16. Y les habló una parábola. Esta parábola nos presenta, como en un espejo, un retrato vivo de este sentimiento, de que los hombres no viven por su abundancia. Dado que la vida, incluso de los hombres más ricos, se quita en un momento, ¿de qué sirve que hayan acumulado una gran riqueza?
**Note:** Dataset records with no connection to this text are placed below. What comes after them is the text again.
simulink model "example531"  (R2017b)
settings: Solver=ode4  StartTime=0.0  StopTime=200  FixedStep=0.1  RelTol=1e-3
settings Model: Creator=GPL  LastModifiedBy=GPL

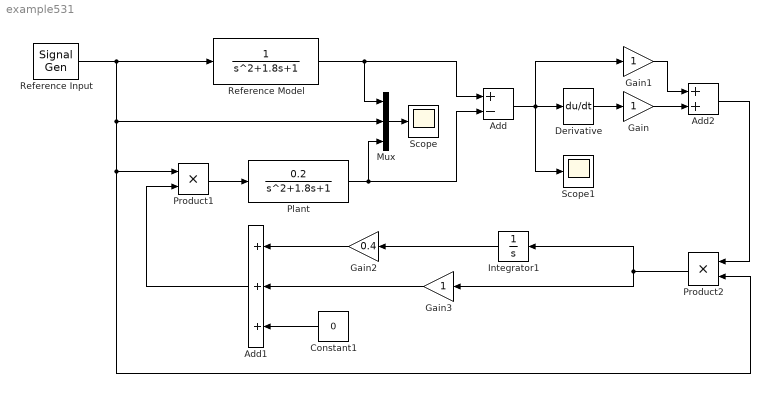
== system example531 ==
  Add : Sum  Inputs=+-
  Add1 : Sum  Inputs=+++
  Add2 : Sum
  Constant1 : Constant  Value=0
  Derivative : Derivative
  Gain : Gain
  Gain1 : Gain
  Gain2 : Gain  Gain=0.4
  Gain3 : Gain
  Integrator1 : Integrator
  Mux : Mux  Inputs=3
  Plant : TransferFcn  Numerator=[0.2]  Denominator=[1 1.8 1]
  Product1 : Product
  Product2 : Product
  Reference Input : SignalGenerator  WaveForm=square  Frequency=0.01
  Reference Model : TransferFcn  Denominator=[1 1.8 1]
  Scope : Scope
  Scope1 : Scope
  wires:
  Product1/1 -> Plant/1
  Reference Input/1 -> Mux/2, Product2/2, Product1/1, Reference Model/1
  Gain2/1 -> Add1/1
  Gain3/1 -> Add1/2
  Constant1/1 -> Add1/3
  Integrator1/1 -> Gain2/1
  Product2/1 -> Integrator1/1, Gain3/1
  Reference Model/1 -> Mux/1, Add/1
  Plant/1 -> Add/2, Mux/3
  Add/1 -> Scope1/1, Derivative/1, Gain1/1
  Derivative/1 -> Gain/1
  Gain/1 -> Add2/2
  Gain1/1 -> Add2/1
  Add2/1 -> Product2/1
  Add1/1 -> Product1/2
  Mux/1 -> Scope/1

Todos reconocen que es verdad, de modo que Cristo no dice nada aquí sino lo que es perfectamente común y lo que todo hombre tiene constantemente en su boca. ¿Pero dónde está el hombre que sinceramente lo cree? ¿No todos, por el contrario, regulan su vida y organizan sus planes y empleos de tal manera que se retiren a la mayor distancia de Dios, haciendo que su vida descanse en una abundancia presente de cosas buenas? Por lo tanto, es necesario que todos se despierten de inmediato, para que, al imaginar que su felicidad no consista en riquezas, se enreden en las trampas de la codicia.

Esta parábola nos muestra, primero, que la vida actual es corta y transitoria. En segundo lugar, nos señala que las riquezas no sirven para prolongar la vida. Debemos agregar un tercero, que no se expresa, pero que puede deducirse fácilmente de los otros dos; que es un remedio excelente para los creyentes, pedirle al Señor su pan de cada día y confiar solo en su providencia, ya sean ricos o pobres.